O IGF-1 LR3 foi criado pela adição de um peptídeo de 13 aminoácidos no N-terminal + substituição do ácido glutâmico na posição 3 por arginina (dai "R3"):

Sequência: [Gly-Pro-Glu-Thr-Leu-Cys-Gly-Ala-Glu-Leu-Val-Asp-Ala-Leu]-IGF-1 com R na posição 3

Efeito da modificação: - Redução de 50-100× na afinidade pelo IGFBP-3 e IGFBP-1 - Sem as IGFBPs que o sequestram, o LR3 fica livre no plasma muito mais tempo - Meia-vida: 20-30 horas (vs. 10-15 min do IGF-1 nativo livre) - Mantém 100% da potência de ligação ao receptor IGF-1R

### Farmacodinâmica do LR3

Dose única de IGF-1 LR3 SC → pico plasmático em 1-2h → manutenção de níveis elevados por 20-24h → efeito anabólico sistêmico prolongado.
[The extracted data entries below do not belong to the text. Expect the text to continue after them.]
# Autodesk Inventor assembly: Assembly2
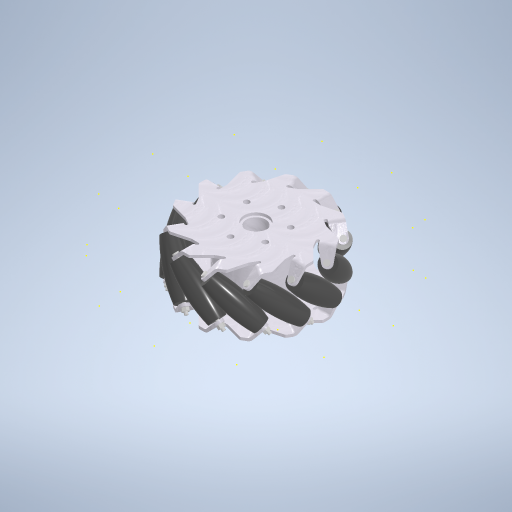
[picture p0: Inventor's stored thumbnail of the model, 512x512]
Saved by Autodesk Inventor 2024 (Build 280153000, 153)
## iProperties
Created: 2023-12-18
Part Number: Assembly2
Document SubType Name: Assembly
Designer: SAHITYA
Author: SAHITYA
## Documents named in this file (5)
- C:\Users\SAHITYA\Documents\Robotics Club (Recruitment_Mechanical)\Mechanum Wheel\Mechanum Wheel.iam
- C:\Users\SAHITYA\Documents\Robotics Club (Recruitment_Mechanical)\Mechanum Wheel\Part1.ipt
- C:\Users\SAHITYA\Documents\Robotics Club (Recruitment_Mechanical)\Mechanum Wheel\Part5.ipt
- C:\Users\SAHITYA\Documents\Robotics Club (Recruitment_Mechanical)\Mechanum Wheel\Part7.ipt
- C:\Users\SAHITYA\Documents\Robotics Club (Recruitment_Mechanical)\Mechanum Wheel\Part8.ipt
## Components (38 placed, 4 different names)
1. Part1:1 — Mate:2, Mate:3, Mate:5, Mate:9, Mate:12
2. Part1:2 — Mate:2, Mate:3, Mate:5, Mate:6, Mate:10
3. Part8:1 — Mate:10
4. Part8:2
5. Part8:3
6. Part8:4
7. Part8:5
8. Part8:6
9. Part8:7
10. Part8:8
11. Part8:9
12. Part8:10
13. Part8:11
14. Part8:12
15. Part5:1 — Mate:6, Mate:9, Mate:11
16. Part7:1 — Mate:11, Mate:12
17. Part5:2
18. Part7:2
19. Part5:3
20. Part7:3
21. Part5:4
22. Part7:4
23. Part5:5
24. Part7:5
25. Part5:6
26. Part7:6
27. Part5:7
28. Part7:7
29. Part5:8
30. Part7:8
31. Part5:9
32. Part7:9
33. Part5:10
34. Part7:10
35. Part5:11
36. Part7:11
37. Part5:12
38. Part7:12
## Component patterns: (12 elements, first: Part8:1), (12 elements, first: Part5:1 + Part7:1)
## Relationships (8: Mate 8)
- Mate:2: Part1:1 ↔ Part1:2
- Mate:3: Part1:1 ↔ Part1:2
- Mate:5: Part1:1 ↔ Part1:2
- Mate:6: Part1:2 ↔ Part5:1
- Mate:9 (0.5 mm): Part1:1 ↔ Part5:1
- Mate:10: Part1:2 ↔ Part8:1
- Mate:11: Part5:1 ↔ Part7:1
- Mate:12: Part1:1 ↔ Part7:1

Diferença farmacodinâmica crucial: O LR3 age em todos os tecidos com receptores IGF-1R — músculo esquelético, coração, fígado, intestino, órgãos viscerais. Não é seletivo para o músculo. Isso tem implicações para o perfil de riscos.

### Protocolo de Uso em Performance (Referência Farmacológica)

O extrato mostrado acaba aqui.